Calcolo delta in Code

// Input: item con current.price e last.price
const current = $json.current_price;
const last = $json.last_price;
const delta = current - last;
const deltaPct = last ? (delta / last) * 100 : null;
return [{ json: { ...$json, delta, deltaPct: deltaPct !== null ? Math.round(deltaPct * 100) / 100 : null } }];

Suggerimenti

  • Se usi più store, includi store nella chiave di merge.
  • Gestisci outlier: ignora variazioni impossibili (es. >70% senza input promozioni).

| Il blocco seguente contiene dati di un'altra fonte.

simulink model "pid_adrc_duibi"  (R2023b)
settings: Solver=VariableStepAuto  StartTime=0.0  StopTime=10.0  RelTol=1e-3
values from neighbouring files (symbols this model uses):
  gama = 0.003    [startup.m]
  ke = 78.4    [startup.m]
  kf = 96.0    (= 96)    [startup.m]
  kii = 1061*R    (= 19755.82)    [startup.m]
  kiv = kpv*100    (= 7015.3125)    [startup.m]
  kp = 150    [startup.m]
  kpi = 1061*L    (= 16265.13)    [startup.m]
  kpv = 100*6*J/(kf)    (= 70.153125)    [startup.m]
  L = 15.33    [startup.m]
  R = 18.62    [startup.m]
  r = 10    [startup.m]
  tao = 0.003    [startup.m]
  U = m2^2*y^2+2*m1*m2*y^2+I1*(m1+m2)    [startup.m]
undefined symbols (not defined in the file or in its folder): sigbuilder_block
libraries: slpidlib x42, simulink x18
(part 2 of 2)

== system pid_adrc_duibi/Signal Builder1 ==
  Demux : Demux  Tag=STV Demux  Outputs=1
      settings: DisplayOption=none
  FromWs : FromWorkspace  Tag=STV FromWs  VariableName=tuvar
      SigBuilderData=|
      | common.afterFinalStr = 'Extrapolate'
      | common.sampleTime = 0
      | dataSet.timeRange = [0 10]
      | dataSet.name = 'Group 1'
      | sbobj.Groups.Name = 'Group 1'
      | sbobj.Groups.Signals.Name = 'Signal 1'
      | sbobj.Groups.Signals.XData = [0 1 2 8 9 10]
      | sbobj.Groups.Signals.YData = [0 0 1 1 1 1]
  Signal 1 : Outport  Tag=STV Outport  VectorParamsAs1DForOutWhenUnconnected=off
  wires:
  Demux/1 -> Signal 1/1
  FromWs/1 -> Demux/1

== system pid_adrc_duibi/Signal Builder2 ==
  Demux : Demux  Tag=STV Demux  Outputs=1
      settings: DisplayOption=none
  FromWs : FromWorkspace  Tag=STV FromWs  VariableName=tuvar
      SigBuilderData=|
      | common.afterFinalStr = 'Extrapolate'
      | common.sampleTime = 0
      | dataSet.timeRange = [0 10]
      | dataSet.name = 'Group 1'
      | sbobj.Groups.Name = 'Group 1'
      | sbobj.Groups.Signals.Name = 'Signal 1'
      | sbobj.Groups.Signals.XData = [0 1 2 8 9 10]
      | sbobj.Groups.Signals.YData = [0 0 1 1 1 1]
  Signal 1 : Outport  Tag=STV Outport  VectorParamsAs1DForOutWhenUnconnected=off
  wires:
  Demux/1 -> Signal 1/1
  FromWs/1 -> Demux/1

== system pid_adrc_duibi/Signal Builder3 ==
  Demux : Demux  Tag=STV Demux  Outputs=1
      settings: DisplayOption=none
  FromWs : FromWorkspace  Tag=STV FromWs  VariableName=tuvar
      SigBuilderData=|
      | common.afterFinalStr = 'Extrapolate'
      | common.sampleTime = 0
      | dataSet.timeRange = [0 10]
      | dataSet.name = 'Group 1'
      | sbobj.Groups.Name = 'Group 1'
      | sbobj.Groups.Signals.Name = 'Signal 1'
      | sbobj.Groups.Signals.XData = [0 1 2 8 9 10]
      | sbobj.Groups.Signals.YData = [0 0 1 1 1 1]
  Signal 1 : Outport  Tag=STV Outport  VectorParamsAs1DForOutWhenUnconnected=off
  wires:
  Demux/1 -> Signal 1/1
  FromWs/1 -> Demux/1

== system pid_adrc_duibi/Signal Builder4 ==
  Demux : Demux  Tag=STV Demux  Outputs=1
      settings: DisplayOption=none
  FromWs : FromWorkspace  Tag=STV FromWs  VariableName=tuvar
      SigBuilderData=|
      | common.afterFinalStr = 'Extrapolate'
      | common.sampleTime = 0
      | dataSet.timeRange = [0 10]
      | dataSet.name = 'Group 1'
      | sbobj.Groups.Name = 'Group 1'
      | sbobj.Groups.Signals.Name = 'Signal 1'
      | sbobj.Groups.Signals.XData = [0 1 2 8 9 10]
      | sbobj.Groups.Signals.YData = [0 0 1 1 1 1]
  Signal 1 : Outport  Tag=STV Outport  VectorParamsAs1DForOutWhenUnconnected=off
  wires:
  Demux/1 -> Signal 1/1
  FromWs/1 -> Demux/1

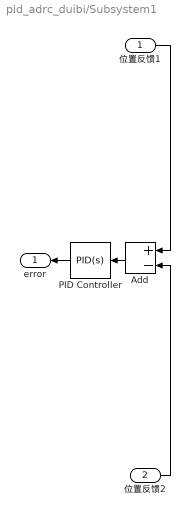
== system pid_adrc_duibi/Subsystem1 ==
  位置反馈1 : Inport
  位置反馈2 : Inport  Port=2
  Add : Sum  Inputs=+-
  PID Controller : simulink/Continuous/PID Controller  Controller=PID  TimeDomain=Continuous-time  SampleTime=-1  IntegratorMethod=Forward Euler  FilterMethod=Forward Euler  Form=Parallel  UseFilter=on  ControllerParametersSource=internal  P=e_kp  I=e_ki  D=e_kd  N=100  InitialConditionSource=internal  InitialConditionForIntegrator=0  InitialConditionForFilter=0  ExternalReset=none  LimitOutput=off  UpperSaturationLimit=inf  LowerSaturationLimit=-inf  LinearizeAsGain=on  AntiWindupMode=none  Kb=1  TrackingMode=off  Kt=1  PParamMin=[]  PParamMax=[]  IParamMin=[]  IParamMax=[]  DParamMin=[]  DParamMax=[]  NParamMin=[]  NParamMax=[]  KbParamMin=[]  KbParamMax=[]  KtParamMin=[]  KtParamMax=[]  POutMin=[]  POutMax=[]  IOutMin=[]  IOutMax=[]  DOutMin=[]  DOutMax=[]  NOutMin=[]  NOutMax=[]  KbOutMin=[]  KbOutMax=[]  KtOutMin=[]  KtOutMax=[]  IntegratorOutMin=[]  IntegratorOutMax=[]  FilterOutMin=[]  FilterOutMax=[]  SumOutMin=[]  SumOutMax=[]  SumI1OutMin=[]  SumI1OutMax=[]  SumI2OutMin=[]  SumI2OutMax=[]  SumI3OutMin=[]  SumI3OutMax=[]  SumDOutMin=[]  SumDOutMax=[]  SaturationOutMin=[]  SaturationOutMax=[]  IntegratorContinuousStateAttributes=''  IntegratorStateMustResolveToSignalObject=off  IntegratorRTWStateStorageClass=Auto  FilterContinuousStateAttributes=''  FilterStateMustResolveToSignalObject=off  FilterRTWStateStorageClass=Auto  DifferentiatorICPrevScaledInput=0  DifferentiatorOutMin=[]  DifferentiatorOutMax=[]  FilterDiffOutCoefMin=[]  FilterDiffOutCoefMax=[]  SumDenOutMin=[]  SumDenOutMax=[]  SumNumOutMin=[]  SumNumOutMax=[]  ReciprocalOutMin=[]  ReciprocalOutMax=[]  DivideOutMin=[]  DivideOutMax=[]  TunerSelectOption=Transfer Function Based (PID Tuner App)
  error : Outport  VectorParamsAs1DForOutWhenUnconnected=off
  wires:
  位置反馈2/1 -> Add/2
  Add/1 -> PID Controller/1
  PID Controller/1 -> error/1
  位置反馈1/1 -> Add/1

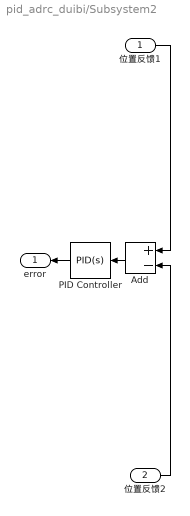
== system pid_adrc_duibi/Subsystem2 ==
  位置反馈1 : Inport
  位置反馈2 : Inport  Port=2
  Add : Sum  Inputs=+-
  PID Controller : slpidlib/PID Controller  Controller=PID  Form=Parallel  TimeDomain=Continuous-time  UseExternalTs=off  SampleTime=-1  IntegratorMethod=Forward Euler  FilterMethod=Forward Euler  ControllerParametersSource=internal  P=e_kp  I=e_ki  UseKiTs=off  D=e_kd  N=100  UseFilter=on  TunerSelectOption=Transfer Function Based (PID Tuner App)  InitialConditionSource=internal  InitialConditionForIntegrator=0  InitialConditionForFilter=0  DifferentiatorICPrevScaledInput=0  ExternalReset=none  TrackingMode=off  Kt=1  LimitOutput=off  SatLimitsSource=internal  UpperSaturationLimit=inf  LowerSaturationLimit=-inf  LinearizeAsGain=on  AntiWindupMode=none  Kb=1  LimitIntegrator=off  UpperIntegratorSaturationLimit=inf  LowerIntegratorSaturationLimit=-inf  POutMin=[]  POutMax=[]  IOutMin=[]  IOutMax=[]  DOutMin=[]  DOutMax=[]  NOutMin=[]  NOutMax=[]  SumOutMin=[]  SumOutMax=[]  SaturationOutMin=[]  SaturationOutMax=[]  PParamMin=[]  PParamMax=[]  IParamMin=[]  IParamMax=[]  DParamMin=[]  DParamMax=[]  NParamMin=[]  NParamMax=[]  KbParamMin=[]  KbParamMax=[]  KtParamMin=[]  KtParamMax=[]  KbOutMin=[]  KbOutMax=[]  KtOutMin=[]  KtOutMax=[]  IntegratorOutMin=[]  IntegratorOutMax=[]  FilterOutMin=[]  FilterOutMax=[]  SumI1OutMin=[]  SumI1OutMax=[]  SumI2OutMin=[]  SumI2OutMax=[]  SumI3OutMin=[]  SumI3OutMax=[]  SumI4OutMin=[]  SumI4OutMax=[]  SumDOutMin=[]  SumDOutMax=[]  DifferentiatorOutMin=[]  DifferentiatorOutMax=[]  FilterDiffOutCoefMin=[]  FilterDiffOutCoefMax=[]  ReciprocalOutMin=[]  ReciprocalOutMax=[]  SumDenOutMin=[]  SumDenOutMax=[]  SumNumOutMin=[]  SumNumOutMax=[]  DivideOutMin=[]  DivideOutMax=[]  UdiffTsProdOutMin=[]  UdiffTsProdOutMax=[]  NTsProdOutMin=[]  NTsProdOutMax=[]  UintegralTsProdOutMin=[]  UintegralTsProdOutMax=[]  UngainTsProdOutMin=[]  UngainTsProdOutMax=[]  ClampingZeroOutDataTypeStr=Inherit: Inherit via back propagation  ClampingZeroOutMin=[]  ClampingZeroOutMax=[]  FilterDenConstantOutDataTypeStr=Inherit: Inherit via back propagation  FilterDenConstantOutMin=[]  FilterDenConstantOutMax=[]  PCopyOutDataTypeStr=Inherit: Inherit via back propagation  PCopyOutMin=[]  PCopyOutMax=[]  NCopyOutDataTypeStr=Inherit: Inherit via back propagation  NCopyOutMin=[]  NCopyOutMax=[]  IntegratorContinuousStateAttributes=''  IntegratorStateMustResolveToSignalObject=off  IntegratorRTWStateStorageClass=Auto  FilterContinuousStateAttributes=''  FilterStateMustResolveToSignalObject=off  FilterRTWStateStorageClass=Auto  ParallelPVariant=InternalParameters  IdealPVariant=Disabled  IVariant=InternalParameters  DVariant=InternalParameters  IntegratorVariant=Continuous  SatVariant=Disabled  AWVariant=Passthrough  PCopyVariant=Disabled  TRVariant=Disabled  FdbkBlocksVariant=Forward  IdealPFdbkVariant=Disabled  SatFdbkVariant=Disabled  DerivativeFilterVariant=ContFilter  NVariant=InternalParameters  NCopyVariant=Disabled  FilterICVariant=InternalICsFilter  IntegratorICVariant=InternalICs  ExternalResetVariant=Disabled  TRSumVariant=Passthrough  SumFdbkVariant=Disabled  SumVariant=Sum_PID  TsampFilterVariant=InternalTs  TsampNgainVariant=Passthrough  TsampIntegralVariant=Disabled_SignalSpec  ExternalSaturationOutDataTypeStr=Inherit: Same as second input
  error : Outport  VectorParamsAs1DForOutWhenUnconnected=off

Regole di alert e riduzione del rumore: soglie, cooldown, digest

Definisci regole chiare per regole di alert su calo prezzo evitando notifiche eccessive.

If (soglia percentuale)

{
  "name": "Is Price Drop > 10%",
  "type": "n8n-nodes-base.if",
  "typeVersion": 2,
  "parameters": {
    "conditions": {
      "conditions": [
        {
          "leftValue": "={{ $json.deltaPct }}",
          "rightValue": "-10",
          "operator": { "type": "number", "operation": "smaller" }
        }
      ],
      "combinator": "and"
    }
  }
}

Riduzione rumore

  • Cooldown per prodotto/store (es. max 1 alert/24h): memorizza l’ultimo alert in DB e filtra.
  • Raggruppamento/digest: aggrega tutte le variazioni significative e invia un unico messaggio a fine giornata.
  • Escalation: se il delta supera soglia alta (es. >25%), invia immediatamente un alert “critico”.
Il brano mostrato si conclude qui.